--- Data supplied Enclosed Below ---
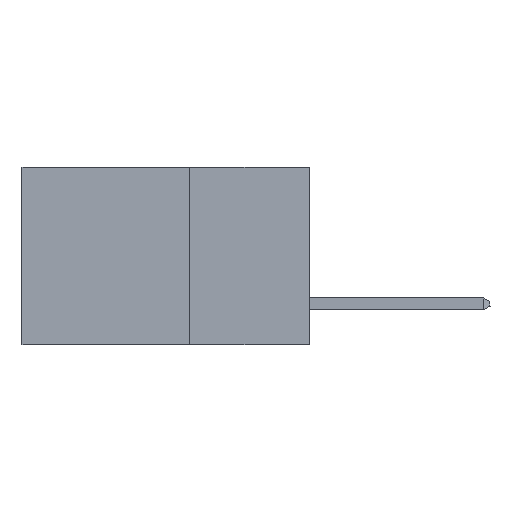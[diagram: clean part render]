
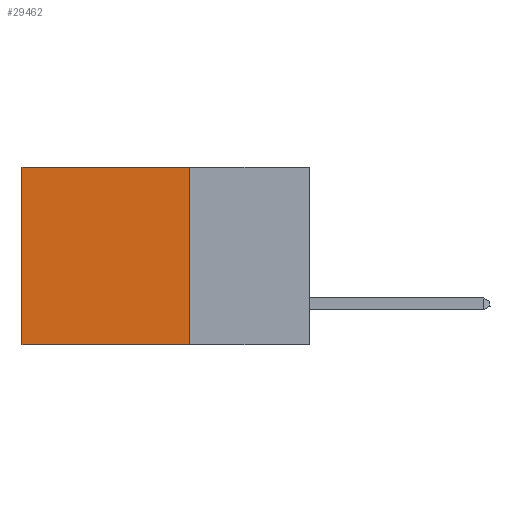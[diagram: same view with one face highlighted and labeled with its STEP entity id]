
A CAD part, left-side view. The second image highlights one B-rep face of the part: STEP entity #29462.
In plain terms, the highlighted planar face has unit normal (-1, 0, 0).
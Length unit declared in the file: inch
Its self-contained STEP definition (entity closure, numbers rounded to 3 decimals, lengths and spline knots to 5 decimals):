
#2101 = VECTOR ( 'NONE', #27248, 39.37008 ) ;
#2552 = DIRECTION ( 'NONE',  ( 0., 0., -1. ) ) ;
#3258 = CARTESIAN_POINT ( 'NONE',  ( 0.2875, 0.25, -0.37 ) ) ;
#4068 = CARTESIAN_POINT ( 'NONE',  ( 0.2875, 0.6, 0. ) ) ;
#4441 = CARTESIAN_POINT ( 'NONE',  ( 0.2875, 0.25, 0. ) ) ;
#5040 = VERTEX_POINT ( 'NONE', #4068 ) ;
#6022 = AXIS2_PLACEMENT_3D ( 'NONE', #4441, #7145, #24995 ) ;
#6689 = VECTOR ( 'NONE', #27359, 39.37008 ) ;
#7145 = DIRECTION ( 'NONE',  ( 1., 0., 0. ) ) ;
#7716 = EDGE_CURVE ( 'NONE', #5040, #16325, #32403, .T. ) ;
#9831 = FACE_OUTER_BOUND ( 'NONE', #26898, .T. ) ;
#10799 = LINE ( 'NONE', #22951, #13400 ) ;
#11237 = EDGE_CURVE ( 'NONE', #14776, #16325, #28971, .T. ) ;
#13400 = VECTOR ( 'NONE', #2552, 39.37008 ) ;
#14776 = VERTEX_POINT ( 'NONE', #3258 ) ;
#14983 = EDGE_CURVE ( 'NONE', #32009, #14776, #10799, .T. ) ;
#15847 = DIRECTION ( 'NONE',  ( 0., 1., 0. ) ) ;
#16285 = ORIENTED_EDGE ( 'NONE', *, *, #11237, .F. ) ;
#16325 = VERTEX_POINT ( 'NONE', #26798 ) ;
#16972 = CARTESIAN_POINT ( 'NONE',  ( 0.2875, 0.25, 0. ) ) ;
#17094 = PLANE ( 'NONE',  #6022 ) ;
#21921 = VECTOR ( 'NONE', #15847, 39.37008 ) ;
#21936 = ORIENTED_EDGE ( 'NONE', *, *, #14983, .F. ) ;
#22034 = LINE ( 'NONE', #16972, #2101 ) ;
#22951 = CARTESIAN_POINT ( 'NONE',  ( 0.2875, 0.25, 0. ) ) ;
#24995 = DIRECTION ( 'NONE',  ( 0., 0., -1. ) ) ;
#26120 = ORIENTED_EDGE ( 'NONE', *, *, #28815, .T. ) ;
#26798 = CARTESIAN_POINT ( 'NONE',  ( 0.2875, 0.6, -0.37 ) ) ;
#26898 = EDGE_LOOP ( 'NONE', ( #30410, #16285, #21936, #26120 ) ) ;
#27028 = CARTESIAN_POINT ( 'NONE',  ( 0.2875, 0.6, 0. ) ) ;
#27248 = DIRECTION ( 'NONE',  ( 0., 1., 0. ) ) ;
#27359 = DIRECTION ( 'NONE',  ( 0., 0., -1. ) ) ;
#28642 = CARTESIAN_POINT ( 'NONE',  ( 0.2875, 0.25, -0.37 ) ) ;
#28815 = EDGE_CURVE ( 'NONE', #32009, #5040, #22034, .T. ) ;
#28971 = LINE ( 'NONE', #28642, #21921 ) ;
#29462 = ADVANCED_FACE ( 'NONE', ( #9831 ), #17094, .F. ) ;
#30410 = ORIENTED_EDGE ( 'NONE', *, *, #7716, .T. ) ;
#32009 = VERTEX_POINT ( 'NONE', #32637 ) ;
#32403 = LINE ( 'NONE', #27028, #6689 ) ;
#32637 = CARTESIAN_POINT ( 'NONE',  ( 0.2875, 0.25, 0. ) ) ;
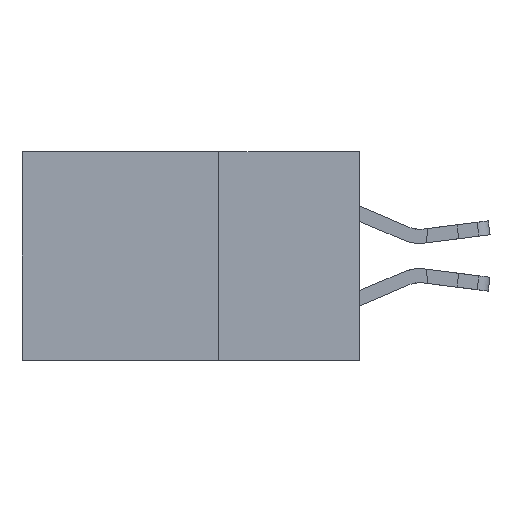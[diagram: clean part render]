
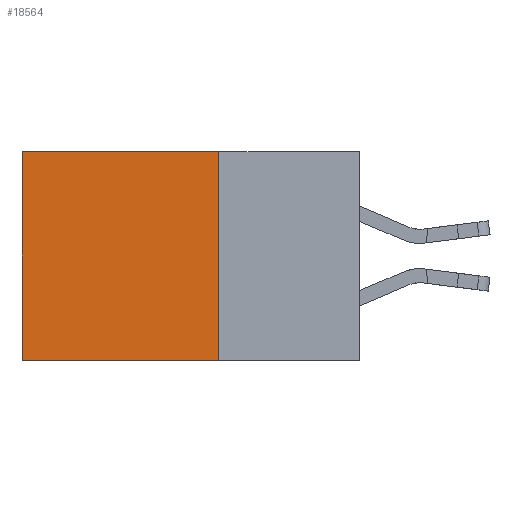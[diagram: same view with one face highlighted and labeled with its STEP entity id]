
A CAD part, left-side view. The second image highlights one B-rep face of the part: STEP entity #18564.
In plain terms, the highlighted planar face has unit normal (-1, 0, 0).
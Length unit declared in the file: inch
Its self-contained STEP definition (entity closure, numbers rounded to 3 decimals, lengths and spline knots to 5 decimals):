
#1025 = AXIS2_PLACEMENT_3D ( 'NONE', #8471, #23188, #1200 ) ;
#1200 = DIRECTION ( 'NONE',  ( 0., 0., -1. ) ) ;
#1801 = ORIENTED_EDGE ( 'NONE', *, *, #12583, .F. ) ;
#2775 = FACE_OUTER_BOUND ( 'NONE', #9231, .T. ) ;
#4135 = CARTESIAN_POINT ( 'NONE',  ( 0.2875, 0.6, 0. ) ) ;
#4140 = LINE ( 'NONE', #22379, #22407 ) ;
#5470 = EDGE_CURVE ( 'NONE', #23195, #21370, #6692, .T. ) ;
#6692 = LINE ( 'NONE', #14104, #12410 ) ;
#7396 = EDGE_CURVE ( 'NONE', #15416, #16774, #15714, .T. ) ;
#8471 = CARTESIAN_POINT ( 'NONE',  ( 0.2875, 0.25, 0. ) ) ;
#8955 = ORIENTED_EDGE ( 'NONE', *, *, #5470, .T. ) ;
#9231 = EDGE_LOOP ( 'NONE', ( #8955, #1801, #9777, #15856 ) ) ;
#9777 = ORIENTED_EDGE ( 'NONE', *, *, #7396, .F. ) ;
#11888 = CARTESIAN_POINT ( 'NONE',  ( 0.2875, 0.25, -0.37 ) ) ;
#12410 = VECTOR ( 'NONE', #16042, 39.37008 ) ;
#12583 = EDGE_CURVE ( 'NONE', #16774, #21370, #15630, .T. ) ;
#13126 = DIRECTION ( 'NONE',  ( 0., 1., 0. ) ) ;
#13264 = CARTESIAN_POINT ( 'NONE',  ( 0.2875, 0.25, 0. ) ) ;
#13511 = CARTESIAN_POINT ( 'NONE',  ( 0.2875, 0.25, -0.37 ) ) ;
#13744 = CARTESIAN_POINT ( 'NONE',  ( 0.2875, 0.6, -0.37 ) ) ;
#14104 = CARTESIAN_POINT ( 'NONE',  ( 0.2875, 0.6, 0. ) ) ;
#14213 = VECTOR ( 'NONE', #21470, 39.37008 ) ;
#15164 = DIRECTION ( 'NONE',  ( 0., 0., -1. ) ) ;
#15416 = VERTEX_POINT ( 'NONE', #13264 ) ;
#15630 = LINE ( 'NONE', #11888, #14213 ) ;
#15714 = LINE ( 'NONE', #22699, #20667 ) ;
#15856 = ORIENTED_EDGE ( 'NONE', *, *, #19693, .T. ) ;
#16042 = DIRECTION ( 'NONE',  ( 0., 0., -1. ) ) ;
#16774 = VERTEX_POINT ( 'NONE', #13511 ) ;
#18564 = ADVANCED_FACE ( 'NONE', ( #2775 ), #21357, .F. ) ;
#19693 = EDGE_CURVE ( 'NONE', #15416, #23195, #4140, .T. ) ;
#20667 = VECTOR ( 'NONE', #15164, 39.37008 ) ;
#21357 = PLANE ( 'NONE',  #1025 ) ;
#21370 = VERTEX_POINT ( 'NONE', #13744 ) ;
#21470 = DIRECTION ( 'NONE',  ( 0., 1., 0. ) ) ;
#22379 = CARTESIAN_POINT ( 'NONE',  ( 0.2875, 0.25, 0. ) ) ;
#22407 = VECTOR ( 'NONE', #13126, 39.37008 ) ;
#22699 = CARTESIAN_POINT ( 'NONE',  ( 0.2875, 0.25, 0. ) ) ;
#23188 = DIRECTION ( 'NONE',  ( 1., 0., 0. ) ) ;
#23195 = VERTEX_POINT ( 'NONE', #4135 ) ;
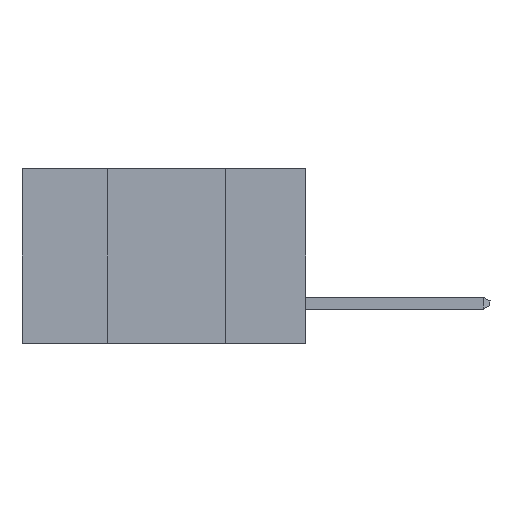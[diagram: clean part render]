
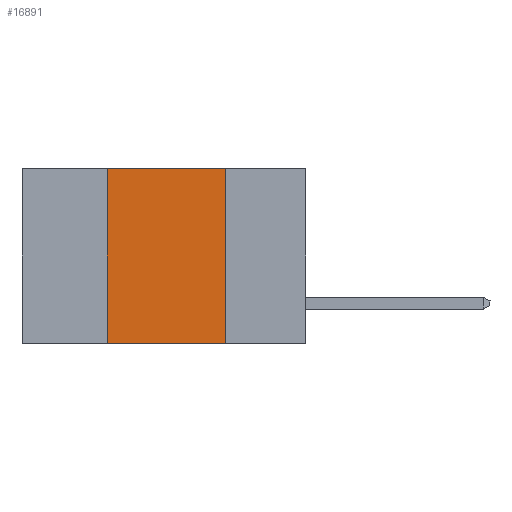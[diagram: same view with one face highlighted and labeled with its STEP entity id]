
A CAD part, left-side view. The second image highlights one B-rep face of the part: STEP entity #16891.
In plain terms, the highlighted planar face has unit normal (-1, 0, 0).
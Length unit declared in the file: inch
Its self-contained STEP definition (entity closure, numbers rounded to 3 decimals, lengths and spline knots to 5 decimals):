
#72 = VERTEX_POINT ( 'NONE', #10953 ) ;
#318 = VERTEX_POINT ( 'NONE', #17159 ) ;
#919 = CARTESIAN_POINT ( 'NONE',  ( 0., 0.6, 0. ) ) ;
#2684 = LINE ( 'NONE', #12585, #15339 ) ;
#2750 = FACE_OUTER_BOUND ( 'NONE', #18974, .T. ) ;
#2898 = AXIS2_PLACEMENT_3D ( 'NONE', #919, #17383, #19093 ) ;
#2921 = CARTESIAN_POINT ( 'NONE',  ( 0., 0.42, -0.37 ) ) ;
#3367 = EDGE_CURVE ( 'NONE', #318, #72, #2684, .T. ) ;
#3874 = VECTOR ( 'NONE', #17663, 39.37008 ) ;
#7144 = CARTESIAN_POINT ( 'NONE',  ( 0., 0.17, -0.37 ) ) ;
#7335 = VERTEX_POINT ( 'NONE', #21167 ) ;
#7853 = LINE ( 'NONE', #19232, #13702 ) ;
#8554 = ORIENTED_EDGE ( 'NONE', *, *, #12621, .F. ) ;
#9916 = EDGE_CURVE ( 'NONE', #72, #12378, #7853, .T. ) ;
#10204 = ORIENTED_EDGE ( 'NONE', *, *, #3367, .F. ) ;
#10284 = DIRECTION ( 'NONE',  ( 0., -1., 0. ) ) ;
#10880 = DIRECTION ( 'NONE',  ( 0., 0., -1. ) ) ;
#10953 = CARTESIAN_POINT ( 'NONE',  ( 0., 0.17, 0. ) ) ;
#11545 = LINE ( 'NONE', #2921, #3874 ) ;
#11781 = LINE ( 'NONE', #11892, #13128 ) ;
#11892 = CARTESIAN_POINT ( 'NONE',  ( 0., 0.6, -0.37 ) ) ;
#12378 = VERTEX_POINT ( 'NONE', #7144 ) ;
#12408 = EDGE_CURVE ( 'NONE', #7335, #12378, #11781, .T. ) ;
#12585 = CARTESIAN_POINT ( 'NONE',  ( 0., 0.6, 0. ) ) ;
#12621 = EDGE_CURVE ( 'NONE', #7335, #318, #11545, .T. ) ;
#13128 = VECTOR ( 'NONE', #10284, 39.37008 ) ;
#13702 = VECTOR ( 'NONE', #10880, 39.37008 ) ;
#15339 = VECTOR ( 'NONE', #19427, 39.37008 ) ;
#16891 = ADVANCED_FACE ( 'NONE', ( #2750 ), #19192, .F. ) ;
#17159 = CARTESIAN_POINT ( 'NONE',  ( 0., 0.42, 0. ) ) ;
#17383 = DIRECTION ( 'NONE',  ( 1., 0., 0. ) ) ;
#17663 = DIRECTION ( 'NONE',  ( 0., 0., 1. ) ) ;
#18974 = EDGE_LOOP ( 'NONE', ( #19671, #10204, #8554, #20255 ) ) ;
#19093 = DIRECTION ( 'NONE',  ( 0., 0., -1. ) ) ;
#19192 = PLANE ( 'NONE',  #2898 ) ;
#19232 = CARTESIAN_POINT ( 'NONE',  ( 0., 0.17, -0.37 ) ) ;
#19427 = DIRECTION ( 'NONE',  ( 0., -1., 0. ) ) ;
#19671 = ORIENTED_EDGE ( 'NONE', *, *, #9916, .F. ) ;
#20255 = ORIENTED_EDGE ( 'NONE', *, *, #12408, .T. ) ;
#21167 = CARTESIAN_POINT ( 'NONE',  ( 0., 0.42, -0.37 ) ) ;
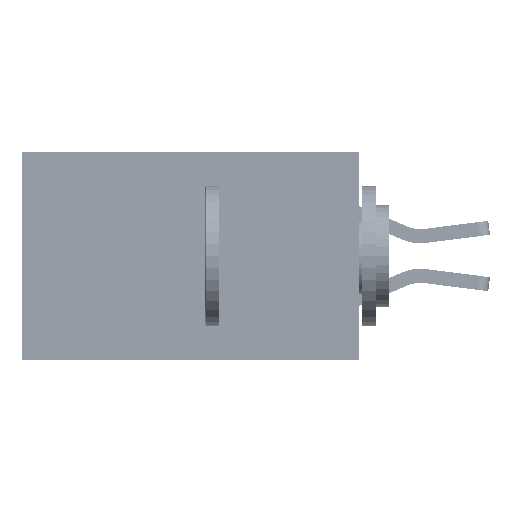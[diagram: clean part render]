
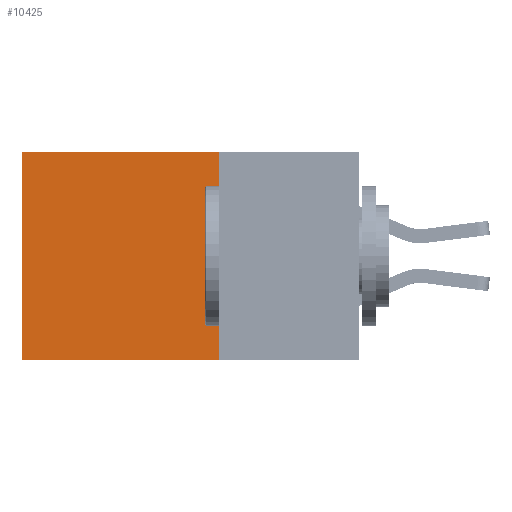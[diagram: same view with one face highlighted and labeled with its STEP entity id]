
A CAD part, left-side view. The second image highlights one B-rep face of the part: STEP entity #10425.
In plain terms, the highlighted planar face has unit normal (-1, 0, 0).
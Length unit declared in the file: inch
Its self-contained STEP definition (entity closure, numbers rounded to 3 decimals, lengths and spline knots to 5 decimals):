
#378 = VERTEX_POINT ( 'NONE', #44433 ) ;
#1062 = PLANE ( 'NONE',  #1465 ) ;
#1068 = CARTESIAN_POINT ( 'NONE',  ( 0.2875, 0.25, -0.37 ) ) ;
#1465 = AXIS2_PLACEMENT_3D ( 'NONE', #25395, #4578, #28884 ) ;
#1759 = ORIENTED_EDGE ( 'NONE', *, *, #14675, .T. ) ;
#1789 = CARTESIAN_POINT ( 'NONE',  ( 0.2875, 0.6, -0.37 ) ) ;
#3563 = EDGE_CURVE ( 'NONE', #378, #29467, #13597, .T. ) ;
#4578 = DIRECTION ( 'NONE',  ( 1., 0., 0. ) ) ;
#6480 = EDGE_CURVE ( 'NONE', #378, #32788, #20230, .T. ) ;
#8008 = VECTOR ( 'NONE', #28901, 39.37008 ) ;
#9087 = LINE ( 'NONE', #11427, #8008 ) ;
#10055 = ORIENTED_EDGE ( 'NONE', *, *, #44812, .F. ) ;
#10425 = ADVANCED_FACE ( 'NONE', ( #32328 ), #1062, .F. ) ;
#10837 = CARTESIAN_POINT ( 'NONE',  ( 0.2875, 0.25, 0. ) ) ;
#10981 = DIRECTION ( 'NONE',  ( 0., 1., 0. ) ) ;
#11427 = CARTESIAN_POINT ( 'NONE',  ( 0.2875, 0.6, 0. ) ) ;
#11574 = DIRECTION ( 'NONE',  ( 0., 0., -1. ) ) ;
#13597 = LINE ( 'NONE', #28750, #38029 ) ;
#14675 = EDGE_CURVE ( 'NONE', #32788, #26186, #9087, .T. ) ;
#19050 = CARTESIAN_POINT ( 'NONE',  ( 0.2875, 0.6, 0. ) ) ;
#19628 = LINE ( 'NONE', #1068, #35934 ) ;
#20230 = LINE ( 'NONE', #10837, #21311 ) ;
#21311 = VECTOR ( 'NONE', #10981, 39.37008 ) ;
#21375 = ORIENTED_EDGE ( 'NONE', *, *, #3563, .F. ) ;
#25395 = CARTESIAN_POINT ( 'NONE',  ( 0.2875, 0.25, 0. ) ) ;
#25871 = CARTESIAN_POINT ( 'NONE',  ( 0.2875, 0.25, -0.37 ) ) ;
#26186 = VERTEX_POINT ( 'NONE', #1789 ) ;
#28128 = ORIENTED_EDGE ( 'NONE', *, *, #6480, .T. ) ;
#28750 = CARTESIAN_POINT ( 'NONE',  ( 0.2875, 0.25, 0. ) ) ;
#28884 = DIRECTION ( 'NONE',  ( 0., 0., -1. ) ) ;
#28901 = DIRECTION ( 'NONE',  ( 0., 0., -1. ) ) ;
#29467 = VERTEX_POINT ( 'NONE', #25871 ) ;
#32328 = FACE_OUTER_BOUND ( 'NONE', #39985, .T. ) ;
#32385 = DIRECTION ( 'NONE',  ( 0., 1., 0. ) ) ;
#32788 = VERTEX_POINT ( 'NONE', #19050 ) ;
#35934 = VECTOR ( 'NONE', #32385, 39.37008 ) ;
#38029 = VECTOR ( 'NONE', #11574, 39.37008 ) ;
#39985 = EDGE_LOOP ( 'NONE', ( #1759, #10055, #21375, #28128 ) ) ;
#44433 = CARTESIAN_POINT ( 'NONE',  ( 0.2875, 0.25, 0. ) ) ;
#44812 = EDGE_CURVE ( 'NONE', #29467, #26186, #19628, .T. ) ;
--- End of Enclosed Data supplied ---
• _Directions for this task_
Return every line of the listing above where "image" appears.

• _Answer box_
A CAD part, left-side view. The second image highlights one B-rep face of the part: STEP entity #29462.
A CAD part, left-side view. The second image highlights one B-rep face of the part: STEP entity #18564.
A CAD part, left-side view. The second image highlights one B-rep face of the part: STEP entity #16891.
A CAD part, left-side view. The second image highlights one B-rep face of the part: STEP entity #10425.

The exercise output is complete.